Task item: Every line of the records below from the line with "#29=VERTEX_POINT('',#28);" up to and including the line with "#64=PLANE('',#63);" must be reproduced exactly, and no line outside that range.

Exercise material:
# # # # #
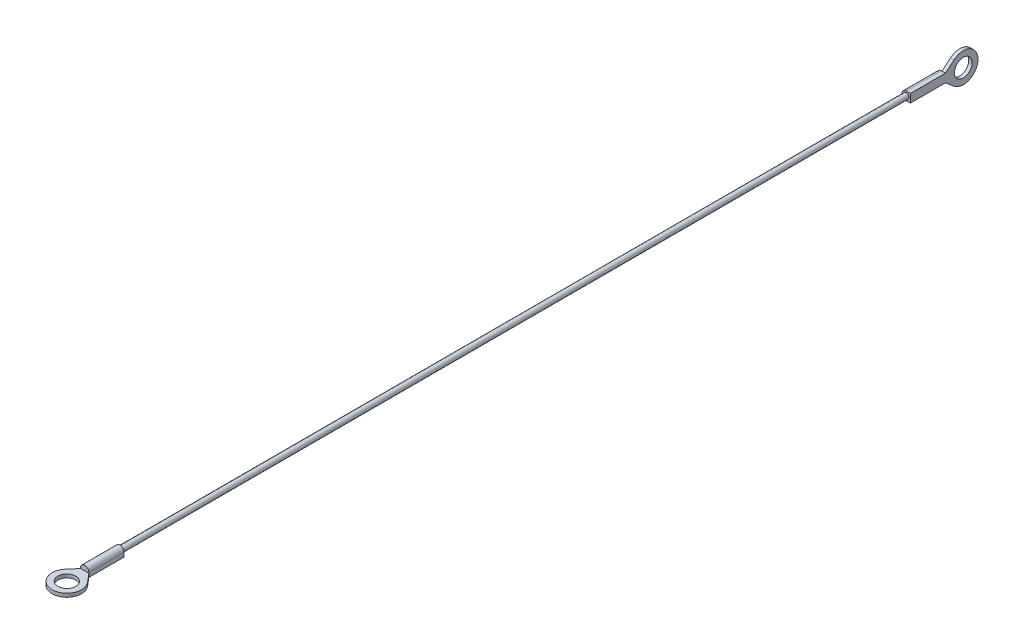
ISO-10303-21;
HEADER;
FILE_DESCRIPTION(('STEP AP214'),'2;1');
FILE_NAME('part.step','',(''),(''),'','','');
FILE_SCHEMA(('AUTOMOTIVE_DESIGN { 1 0 10303 214 1 1 1 1 }'));
ENDSEC;
DATA;
#1=APPLICATION_CONTEXT('core data for automotive mechanical design processes');
#2=APPLICATION_PROTOCOL_DEFINITION('international standard','automotive_design',2000,#1);
#3=PRODUCT_CONTEXT('',#1,'mechanical');
#4=PRODUCT('Part','Part','',(#3));
#5=PRODUCT_RELATED_PRODUCT_CATEGORY('part','',(#4));
#6=PRODUCT_DEFINITION_FORMATION('','',#4);
#7=PRODUCT_DEFINITION_CONTEXT('part definition',#1,'design');
#8=PRODUCT_DEFINITION('design','',#6,#7);
#9=PRODUCT_DEFINITION_SHAPE('','',#8);
#10=(LENGTH_UNIT() NAMED_UNIT(*) SI_UNIT(.MILLI.,.METRE.));
#11=(NAMED_UNIT(*) PLANE_ANGLE_UNIT() SI_UNIT($,.RADIAN.));
#12=(NAMED_UNIT(*) SI_UNIT($,.STERADIAN.) SOLID_ANGLE_UNIT());
#13=UNCERTAINTY_MEASURE_WITH_UNIT(LENGTH_MEASURE(1.E-05),#10,'distance_accuracy_value','');
#14=(GEOMETRIC_REPRESENTATION_CONTEXT(3) GLOBAL_UNCERTAINTY_ASSIGNED_CONTEXT((#13)) GLOBAL_UNIT_ASSIGNED_CONTEXT((#10,
#11,#12)) REPRESENTATION_CONTEXT('',''));
#15=CARTESIAN_POINT('',(0.,0.,0.));
#16=DIRECTION('',(0.,0.,1.));
#17=DIRECTION('',(1.,0.,0.));
#18=AXIS2_PLACEMENT_3D('',#15,#16,#17);
#19=CARTESIAN_POINT('',(0.,0.,-121.92));
#20=DIRECTION('',(0.,0.,-1.));
#21=DIRECTION('',(-1.,0.,0.));
#22=AXIS2_PLACEMENT_3D('',#19,#20,#21);
#23=PLANE('',#22);
#24=DIRECTION('',(1.,0.,0.));
#25=VECTOR('',#24,1.);
#26=CARTESIAN_POINT('',(0.,1.195,-121.92));
#27=LINE('',#26,#25);
#28=CARTESIAN_POINT('',(0.,1.195,-121.92));
#29=VERTEX_POINT('',#28);
#30=CARTESIAN_POINT('',(0.185,1.195,-121.92));
#31=VERTEX_POINT('',#30);
#32=EDGE_CURVE('E196',#29,#31,#27,.T.);
#33=ORIENTED_EDGE('',*,*,#32,.T.);
#34=DIRECTION('',(0.,-1.,0.));
#35=VECTOR('',#34,1.);
#36=CARTESIAN_POINT('',(0.185,-1.195,-121.92));
#37=LINE('',#36,#35);
#38=CARTESIAN_POINT('',(0.185,-1.195,-121.92));
#39=VERTEX_POINT('',#38);
#40=EDGE_CURVE('E154',#31,#39,#37,.T.);
#41=ORIENTED_EDGE('',*,*,#40,.T.);
#42=DIRECTION('',(-1.,0.,0.));
#43=VECTOR('',#42,1.);
#44=CARTESIAN_POINT('',(1.195,-1.195,-121.92));
#45=LINE('',#44,#43);
#46=CARTESIAN_POINT('',(0.,-1.195,-121.92));
#47=VERTEX_POINT('',#46);
#48=EDGE_CURVE('E201',#39,#47,#45,.T.);
#49=ORIENTED_EDGE('',*,*,#48,.T.);
#50=CARTESIAN_POINT('',(0.,0.,-121.92));
#51=DIRECTION('',(0.,0.,-1.));
#52=DIRECTION('',(-1.,0.,0.));
#53=AXIS2_PLACEMENT_3D('',#50,#51,#52);
#54=CIRCLE('',#53,1.195);
#55=EDGE_CURVE('E192',#47,#29,#54,.T.);
#56=ORIENTED_EDGE('',*,*,#55,.T.);
#57=EDGE_LOOP('',(#33,#41,#49,#56));
#58=FACE_BOUND('',#57,.T.);
#59=ADVANCED_FACE('F39',(#58),#23,.T.);
#60=CARTESIAN_POINT('',(0.,0.,121.92));
#61=DIRECTION('',(0.,0.,1.));
#62=DIRECTION('',(1.,0.,0.));
#63=AXIS2_PLACEMENT_3D('',#60,#61,#62);
#64=PLANE('',#63);
#65=DIRECTION('',(0.,-1.,0.));
#66=VECTOR('',#65,1.);
#67=CARTESIAN_POINT('',(-1.195,0.,121.92));
#68=LINE('',#67,#66);
#69=CARTESIAN_POINT('',(-1.195,0.,121.92));
#70=VERTEX_POINT('',#69);
#71=CARTESIAN_POINT('',(-1.195,-0.185,121.92));
#72=VERTEX_POINT('',#71);
#73=EDGE_CURVE('E279',#70,#72,#68,.T.);
#74=ORIENTED_EDGE('',*,*,#73,.T.);
#75=DIRECTION('',(1.,0.,0.));
#76=VECTOR('',#75,1.);
#77=CARTESIAN_POINT('',(-1.195,-0.185,121.92));
#78=LINE('',#77,#76);
#79=CARTESIAN_POINT('',(1.195,-0.185,121.92));
#80=VERTEX_POINT('',#79);
#81=EDGE_CURVE('E240',#72,#80,#78,.T.);
#82=ORIENTED_EDGE('',*,*,#81,.T.);
#83=DIRECTION('',(0.,1.,0.));
#84=VECTOR('',#83,1.);
#85=CARTESIAN_POINT('',(1.195,-1.195,121.92));
#86=LINE('',#85,#84);
#87=CARTESIAN_POINT('',(1.195,0.,121.92));
#88=VERTEX_POINT('',#87);
#89=EDGE_CURVE('E284',#80,#88,#86,.T.);
#90=ORIENTED_EDGE('',*,*,#89,.T.);
#91=CARTESIAN_POINT('',(0.,0.,121.92));
#92=DIRECTION('',(0.,0.,1.));
#93=DIRECTION('',(1.,0.,0.));
#94=AXIS2_PLACEMENT_3D('',#91,#92,#93);
#95=CIRCLE('',#94,1.195);
#96=EDGE_CURVE('E275',#88,#70,#95,.T.);
#97=ORIENTED_EDGE('',*,*,#96,.T.);
#98=EDGE_LOOP('',(#74,#82,#90,#97));
#99=FACE_BOUND('',#98,.T.);
#100=ADVANCED_FACE('F339',(#99),#64,.T.);
#101=CARTESIAN_POINT('',(0.,0.,111.92));
#102=DIRECTION('',(0.,0.,-1.));
#103=DIRECTION('',(-1.,0.,0.));
#104=AXIS2_PLACEMENT_3D('',#101,#102,#103);
#105=CYLINDRICAL_SURFACE('',#104,0.795);
#106=CARTESIAN_POINT('',(0.,0.,111.92));
#107=DIRECTION('',(0.,0.,1.));
#108=DIRECTION('',(1.,0.,0.));
#109=AXIS2_PLACEMENT_3D('',#106,#107,#108);
#110=CIRCLE('',#109,0.795);
#111=CARTESIAN_POINT('',(0.795,0.,111.92));
#112=VERTEX_POINT('',#111);
#113=EDGE_CURVE('E11',#112,#112,#110,.T.);
#114=ORIENTED_EDGE('',*,*,#113,.F.);
#115=EDGE_LOOP('',(#114));
#116=FACE_BOUND('',#115,.T.);
#117=CARTESIAN_POINT('',(0.,0.,-111.92));
#118=DIRECTION('',(0.,0.,1.));
#119=DIRECTION('',(1.,0.,0.));
#120=AXIS2_PLACEMENT_3D('',#117,#118,#119);
#121=CIRCLE('',#120,0.795);
#122=CARTESIAN_POINT('',(0.795,0.,-111.92));
#123=VERTEX_POINT('',#122);
#124=EDGE_CURVE('E43',#123,#123,#121,.T.);
#125=ORIENTED_EDGE('',*,*,#124,.T.);
#126=EDGE_LOOP('',(#125));
#127=FACE_BOUND('',#126,.T.);
#128=ADVANCED_FACE('F41',(#116,#127),#105,.T.);
#129=CARTESIAN_POINT('',(0.,0.,121.92));
#130=DIRECTION('',(0.,0.,-1.));
#131=DIRECTION('',(-1.,0.,0.));
#132=AXIS2_PLACEMENT_3D('',#129,#130,#131);
#133=CYLINDRICAL_SURFACE('',#132,1.195);
#134=CARTESIAN_POINT('',(0.,0.,111.92));
#135=DIRECTION('',(0.,0.,1.));
#136=DIRECTION('',(1.,0.,0.));
#137=AXIS2_PLACEMENT_3D('',#134,#135,#136);
#138=CIRCLE('',#137,1.195);
#139=CARTESIAN_POINT('',(1.195,0.,111.92));
#140=VERTEX_POINT('',#139);
#141=CARTESIAN_POINT('',(-1.195,0.,111.92));
#142=VERTEX_POINT('',#141);
#143=EDGE_CURVE('E269',#140,#142,#138,.T.);
#144=ORIENTED_EDGE('',*,*,#143,.T.);
#145=DIRECTION('',(0.,0.,-1.));
#146=VECTOR('',#145,1.);
#147=CARTESIAN_POINT('',(-1.195,0.,121.92));
#148=LINE('',#147,#146);
#149=EDGE_CURVE('E49',#70,#142,#148,.T.);
#150=ORIENTED_EDGE('',*,*,#149,.F.);
#151=ORIENTED_EDGE('',*,*,#96,.F.);
#152=DIRECTION('',(0.,0.,-1.));
#153=VECTOR('',#152,1.);
#154=CARTESIAN_POINT('',(1.195,0.,121.92));
#155=LINE('',#154,#153);
#156=EDGE_CURVE('E288',#88,#140,#155,.T.);
#157=ORIENTED_EDGE('',*,*,#156,.T.);
#158=EDGE_LOOP('',(#144,#150,#151,#157));
#159=FACE_BOUND('',#158,.T.);
#160=ADVANCED_FACE('F323',(#159),#133,.T.);
#161=CARTESIAN_POINT('',(-1.195,0.,121.92));
#162=DIRECTION('',(1.,0.,0.));
#163=DIRECTION('',(0.,1.,0.));
#164=AXIS2_PLACEMENT_3D('',#161,#162,#163);
#165=PLANE('',#164);
#166=DIRECTION('',(0.,-1.,0.));
#167=VECTOR('',#166,1.);
#168=CARTESIAN_POINT('',(-1.195,0.,111.92));
#169=LINE('',#168,#167);
#170=CARTESIAN_POINT('',(-1.195,-1.195,111.92));
#171=VERTEX_POINT('',#170);
#172=EDGE_CURVE('E292',#142,#171,#169,.T.);
#173=ORIENTED_EDGE('',*,*,#172,.T.);
#174=DIRECTION('',(0.,0.,-1.));
#175=VECTOR('',#174,1.);
#176=CARTESIAN_POINT('',(-1.195,-1.195,121.92));
#177=LINE('',#176,#175);
#178=CARTESIAN_POINT('',(-1.195,-1.195,121.92));
#179=VERTEX_POINT('',#178);
#180=EDGE_CURVE('E308',#179,#171,#177,.T.);
#181=ORIENTED_EDGE('',*,*,#180,.F.);
#182=DIRECTION('',(0.,-1.,0.));
#183=VECTOR('',#182,1.);
#184=CARTESIAN_POINT('',(-1.195,-0.185,121.92));
#185=LINE('',#184,#183);
#186=EDGE_CURVE('E266',#72,#179,#185,.T.);
#187=ORIENTED_EDGE('',*,*,#186,.F.);
#188=ORIENTED_EDGE('',*,*,#73,.F.);
#189=ORIENTED_EDGE('',*,*,#149,.T.);
#190=EDGE_LOOP('',(#173,#181,#187,#188,#189));
#191=FACE_BOUND('',#190,.T.);
#192=ADVANCED_FACE('F317',(#191),#165,.F.);
#193=CARTESIAN_POINT('',(0.,-1.195,121.92));
#194=DIRECTION('',(0.,1.,0.));
#195=DIRECTION('',(0.,0.,1.));
#196=AXIS2_PLACEMENT_3D('',#193,#194,#195);
#197=PLANE('',#196);
#198=DIRECTION('',(1.,0.,0.));
#199=VECTOR('',#198,1.);
#200=CARTESIAN_POINT('',(0.,-1.195,111.92));
#201=LINE('',#200,#199);
#202=CARTESIAN_POINT('',(1.195,-1.195,111.92));
#203=VERTEX_POINT('',#202);
#204=EDGE_CURVE('E296',#171,#203,#201,.T.);
#205=ORIENTED_EDGE('',*,*,#204,.T.);
#206=DIRECTION('',(0.,0.,-1.));
#207=VECTOR('',#206,1.);
#208=CARTESIAN_POINT('',(1.195,-1.195,121.92));
#209=LINE('',#208,#207);
#210=CARTESIAN_POINT('',(1.195,-1.195,121.92));
#211=VERTEX_POINT('',#210);
#212=EDGE_CURVE('E304',#211,#203,#209,.T.);
#213=ORIENTED_EDGE('',*,*,#212,.F.);
#214=DIRECTION('',(0.645049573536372,0.,0.764140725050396));
#215=VECTOR('',#214,1.);
#216=CARTESIAN_POINT('',(1.195,-1.195,121.92));
#217=LINE('',#216,#215);
#218=CARTESIAN_POINT('',(3.20174963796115,-1.195,124.297242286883));
#219=VERTEX_POINT('',#218);
#220=EDGE_CURVE('E235',#211,#219,#217,.T.);
#221=ORIENTED_EDGE('',*,*,#220,.T.);
#222=CARTESIAN_POINT('',(0.,-1.195,127.));
#223=DIRECTION('',(0.,-1.,0.));
#224=DIRECTION('',(0.,0.,-1.));
#225=AXIS2_PLACEMENT_3D('',#222,#223,#224);
#226=CIRCLE('',#225,4.18999999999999);
#227=CARTESIAN_POINT('',(-3.20174963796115,-1.195,124.297242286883));
#228=VERTEX_POINT('',#227);
#229=EDGE_CURVE('E259',#219,#228,#226,.T.);
#230=ORIENTED_EDGE('',*,*,#229,.T.);
#231=DIRECTION('',(0.645049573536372,0.,-0.764140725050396));
#232=VECTOR('',#231,1.);
#233=CARTESIAN_POINT('',(-3.20174963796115,-1.195,124.297242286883));
#234=LINE('',#233,#232);
#235=EDGE_CURVE('E244',#228,#179,#234,.T.);
#236=ORIENTED_EDGE('',*,*,#235,.T.);
#237=ORIENTED_EDGE('',*,*,#180,.T.);
#238=EDGE_LOOP('',(#205,#213,#221,#230,#236,#237));
#239=FACE_BOUND('',#238,.T.);
#240=CARTESIAN_POINT('',(0.,-1.195,127.));
#241=DIRECTION('',(0.,-1.,0.));
#242=DIRECTION('',(0.,0.,-1.));
#243=AXIS2_PLACEMENT_3D('',#240,#241,#242);
#244=CIRCLE('',#243,2.54);
#245=CARTESIAN_POINT('',(0.,-1.195,124.46));
#246=VERTEX_POINT('',#245);
#247=EDGE_CURVE('E236',#246,#246,#244,.T.);
#248=ORIENTED_EDGE('',*,*,#247,.F.);
#249=EDGE_LOOP('',(#248));
#250=FACE_BOUND('',#249,.T.);
#251=ADVANCED_FACE('F330',(#239,#250),#197,.F.);
#252=CARTESIAN_POINT('',(1.195,-1.195,121.92));
#253=DIRECTION('',(-1.,0.,0.));
#254=DIRECTION('',(0.,-1.,0.));
#255=AXIS2_PLACEMENT_3D('',#252,#253,#254);
#256=PLANE('',#255);
#257=DIRECTION('',(0.,1.,0.));
#258=VECTOR('',#257,1.);
#259=CARTESIAN_POINT('',(1.195,-1.195,111.92));
#260=LINE('',#259,#258);
#261=EDGE_CURVE('E280',#203,#140,#260,.T.);
#262=ORIENTED_EDGE('',*,*,#261,.T.);
#263=ORIENTED_EDGE('',*,*,#156,.F.);
#264=ORIENTED_EDGE('',*,*,#89,.F.);
#265=EDGE_CURVE('E285',#211,#80,#86,.T.);
#266=ORIENTED_EDGE('',*,*,#265,.F.);
#267=ORIENTED_EDGE('',*,*,#212,.T.);
#268=EDGE_LOOP('',(#262,#263,#264,#266,#267));
#269=FACE_BOUND('',#268,.T.);
#270=ADVANCED_FACE('F334',(#269),#256,.F.);
#271=CARTESIAN_POINT('',(0.,0.,111.92));
#272=DIRECTION('',(0.,0.,1.));
#273=DIRECTION('',(1.,0.,0.));
#274=AXIS2_PLACEMENT_3D('',#271,#272,#273);
#275=PLANE('',#274);
#276=ORIENTED_EDGE('',*,*,#113,.T.);
#277=EDGE_LOOP('',(#276));
#278=FACE_BOUND('',#277,.T.);
#279=ORIENTED_EDGE('',*,*,#143,.F.);
#280=ORIENTED_EDGE('',*,*,#261,.F.);
#281=ORIENTED_EDGE('',*,*,#204,.F.);
#282=ORIENTED_EDGE('',*,*,#172,.F.);
#283=EDGE_LOOP('',(#279,#280,#281,#282));
#284=FACE_BOUND('',#283,.T.);
#285=ADVANCED_FACE('F327',(#278,#284),#275,.F.);
#286=CARTESIAN_POINT('',(-3.20174963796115,-0.185,124.297242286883));
#287=DIRECTION('',(-0.764140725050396,0.,-0.645049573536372));
#288=DIRECTION('',(-0.645049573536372,0.,0.764140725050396));
#289=AXIS2_PLACEMENT_3D('',#286,#287,#288);
#290=PLANE('',#289);
#291=ORIENTED_EDGE('',*,*,#235,.F.);
#292=DIRECTION('',(0.,-1.,0.));
#293=VECTOR('',#292,1.);
#294=CARTESIAN_POINT('',(-3.20174963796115,-0.185,124.297242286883));
#295=LINE('',#294,#293);
#296=CARTESIAN_POINT('',(-3.20174963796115,-0.185,124.297242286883));
#297=VERTEX_POINT('',#296);
#298=EDGE_CURVE('E270',#297,#228,#295,.T.);
#299=ORIENTED_EDGE('',*,*,#298,.F.);
#300=DIRECTION('',(0.645049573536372,0.,-0.764140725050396));
#301=VECTOR('',#300,1.);
#302=CARTESIAN_POINT('',(-3.20174963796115,-0.185,124.297242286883));
#303=LINE('',#302,#301);
#304=EDGE_CURVE('E251',#297,#72,#303,.T.);
#305=ORIENTED_EDGE('',*,*,#304,.T.);
#306=ORIENTED_EDGE('',*,*,#186,.T.);
#307=EDGE_LOOP('',(#291,#299,#305,#306));
#308=FACE_BOUND('',#307,.T.);
#309=ADVANCED_FACE('F344',(#308),#290,.T.);
#310=CARTESIAN_POINT('',(0.,-0.185,127.));
#311=DIRECTION('',(0.,-1.,0.));
#312=DIRECTION('',(0.,0.,-1.));
#313=AXIS2_PLACEMENT_3D('',#310,#311,#312);
#314=CYLINDRICAL_SURFACE('',#313,4.18999999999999);
#315=ORIENTED_EDGE('',*,*,#229,.F.);
#316=DIRECTION('',(0.,-1.,0.));
#317=VECTOR('',#316,1.);
#318=CARTESIAN_POINT('',(3.20174963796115,-0.185,124.297242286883));
#319=LINE('',#318,#317);
#320=CARTESIAN_POINT('',(3.20174963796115,-0.185,124.297242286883));
#321=VERTEX_POINT('',#320);
#322=EDGE_CURVE('E255',#321,#219,#319,.T.);
#323=ORIENTED_EDGE('',*,*,#322,.F.);
#324=CARTESIAN_POINT('',(0.,-0.185,127.));
#325=DIRECTION('',(0.,-1.,0.));
#326=DIRECTION('',(0.,0.,-1.));
#327=AXIS2_PLACEMENT_3D('',#324,#325,#326);
#328=CIRCLE('',#327,4.18999999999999);
#329=EDGE_CURVE('E247',#321,#297,#328,.T.);
#330=ORIENTED_EDGE('',*,*,#329,.T.);
#331=ORIENTED_EDGE('',*,*,#298,.T.);
#332=EDGE_LOOP('',(#315,#323,#330,#331));
#333=FACE_BOUND('',#332,.T.);
#334=ADVANCED_FACE('F347',(#333),#314,.T.);
#335=CARTESIAN_POINT('',(1.195,-0.185,121.92));
#336=DIRECTION('',(0.764140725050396,0.,-0.645049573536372));
#337=DIRECTION('',(-0.645049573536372,0.,-0.764140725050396));
#338=AXIS2_PLACEMENT_3D('',#335,#336,#337);
#339=PLANE('',#338);
#340=ORIENTED_EDGE('',*,*,#220,.F.);
#341=ORIENTED_EDGE('',*,*,#265,.T.);
#342=DIRECTION('',(0.645049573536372,0.,0.764140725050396));
#343=VECTOR('',#342,1.);
#344=CARTESIAN_POINT('',(1.195,-0.185,121.92));
#345=LINE('',#344,#343);
#346=EDGE_CURVE('E64',#80,#321,#345,.T.);
#347=ORIENTED_EDGE('',*,*,#346,.T.);
#348=ORIENTED_EDGE('',*,*,#322,.T.);
#349=EDGE_LOOP('',(#340,#341,#347,#348));
#350=FACE_BOUND('',#349,.T.);
#351=ADVANCED_FACE('F337',(#350),#339,.T.);
#352=CARTESIAN_POINT('',(0.,-0.185,127.));
#353=DIRECTION('',(0.,-1.,0.));
#354=DIRECTION('',(0.,0.,-1.));
#355=AXIS2_PLACEMENT_3D('',#352,#353,#354);
#356=PLANE('',#355);
#357=CARTESIAN_POINT('',(0.,-0.185,127.));
#358=DIRECTION('',(0.,-1.,0.));
#359=DIRECTION('',(0.,0.,-1.));
#360=AXIS2_PLACEMENT_3D('',#357,#358,#359);
#361=CIRCLE('',#360,2.54);
#362=CARTESIAN_POINT('',(0.,-0.185,124.46));
#363=VERTEX_POINT('',#362);
#364=EDGE_CURVE('E231',#363,#363,#361,.T.);
#365=ORIENTED_EDGE('',*,*,#364,.T.);
#366=EDGE_LOOP('',(#365));
#367=FACE_BOUND('',#366,.T.);
#368=ORIENTED_EDGE('',*,*,#81,.F.);
#369=ORIENTED_EDGE('',*,*,#304,.F.);
#370=ORIENTED_EDGE('',*,*,#329,.F.);
#371=ORIENTED_EDGE('',*,*,#346,.F.);
#372=EDGE_LOOP('',(#368,#369,#370,#371));
#373=FACE_BOUND('',#372,.T.);
#374=ADVANCED_FACE('F341',(#367,#373),#356,.F.);
#375=CARTESIAN_POINT('',(0.,-0.185,127.));
#376=DIRECTION('',(0.,-1.,0.));
#377=DIRECTION('',(0.,0.,-1.));
#378=AXIS2_PLACEMENT_3D('',#375,#376,#377);
#379=CYLINDRICAL_SURFACE('',#378,2.54);
#380=ORIENTED_EDGE('',*,*,#364,.F.);
#381=EDGE_LOOP('',(#380));
#382=FACE_BOUND('',#381,.T.);
#383=ORIENTED_EDGE('',*,*,#247,.T.);
#384=EDGE_LOOP('',(#383));
#385=FACE_BOUND('',#384,.T.);
#386=ADVANCED_FACE('F385',(#382,#385),#379,.F.);
#387=CARTESIAN_POINT('',(0.,0.,-121.92));
#388=DIRECTION('',(0.,0.,1.));
#389=DIRECTION('',(1.,0.,0.));
#390=AXIS2_PLACEMENT_3D('',#387,#388,#389);
#391=CYLINDRICAL_SURFACE('',#390,1.195);
#392=CARTESIAN_POINT('',(0.,0.,-111.92));
#393=DIRECTION('',(0.,0.,-1.));
#394=DIRECTION('',(-1.,0.,0.));
#395=AXIS2_PLACEMENT_3D('',#392,#393,#394);
#396=CIRCLE('',#395,1.195);
#397=CARTESIAN_POINT('',(0.,-1.195,-111.92));
#398=VERTEX_POINT('',#397);
#399=CARTESIAN_POINT('',(0.,1.195,-111.92));
#400=VERTEX_POINT('',#399);
#401=EDGE_CURVE('E189',#398,#400,#396,.T.);
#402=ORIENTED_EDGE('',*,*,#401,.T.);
# # # # #
Answer for the task:
#29=VERTEX_POINT('',#28);
#30=CARTESIAN_POINT('',(0.185,1.195,-121.92));
#31=VERTEX_POINT('',#30);
#32=EDGE_CURVE('E196',#29,#31,#27,.T.);
#33=ORIENTED_EDGE('',*,*,#32,.T.);
#34=DIRECTION('',(0.,-1.,0.));
#35=VECTOR('',#34,1.);
#36=CARTESIAN_POINT('',(0.185,-1.195,-121.92));
#37=LINE('',#36,#35);
#38=CARTESIAN_POINT('',(0.185,-1.195,-121.92));
#39=VERTEX_POINT('',#38);
#40=EDGE_CURVE('E154',#31,#39,#37,.T.);
#41=ORIENTED_EDGE('',*,*,#40,.T.);
#42=DIRECTION('',(-1.,0.,0.));
#43=VECTOR('',#42,1.);
#44=CARTESIAN_POINT('',(1.195,-1.195,-121.92));
#45=LINE('',#44,#43);
#46=CARTESIAN_POINT('',(0.,-1.195,-121.92));
#47=VERTEX_POINT('',#46);
#48=EDGE_CURVE('E201',#39,#47,#45,.T.);
#49=ORIENTED_EDGE('',*,*,#48,.T.);
#50=CARTESIAN_POINT('',(0.,0.,-121.92));
#51=DIRECTION('',(0.,0.,-1.));
#52=DIRECTION('',(-1.,0.,0.));
#53=AXIS2_PLACEMENT_3D('',#50,#51,#52);
#54=CIRCLE('',#53,1.195);
#55=EDGE_CURVE('E192',#47,#29,#54,.T.);
#56=ORIENTED_EDGE('',*,*,#55,.T.);
#57=EDGE_LOOP('',(#33,#41,#49,#56));
#58=FACE_BOUND('',#57,.T.);
#59=ADVANCED_FACE('F39',(#58),#23,.T.);
#60=CARTESIAN_POINT('',(0.,0.,121.92));
#61=DIRECTION('',(0.,0.,1.));
#62=DIRECTION('',(1.,0.,0.));
#63=AXIS2_PLACEMENT_3D('',#60,#61,#62);
#64=PLANE('',#63);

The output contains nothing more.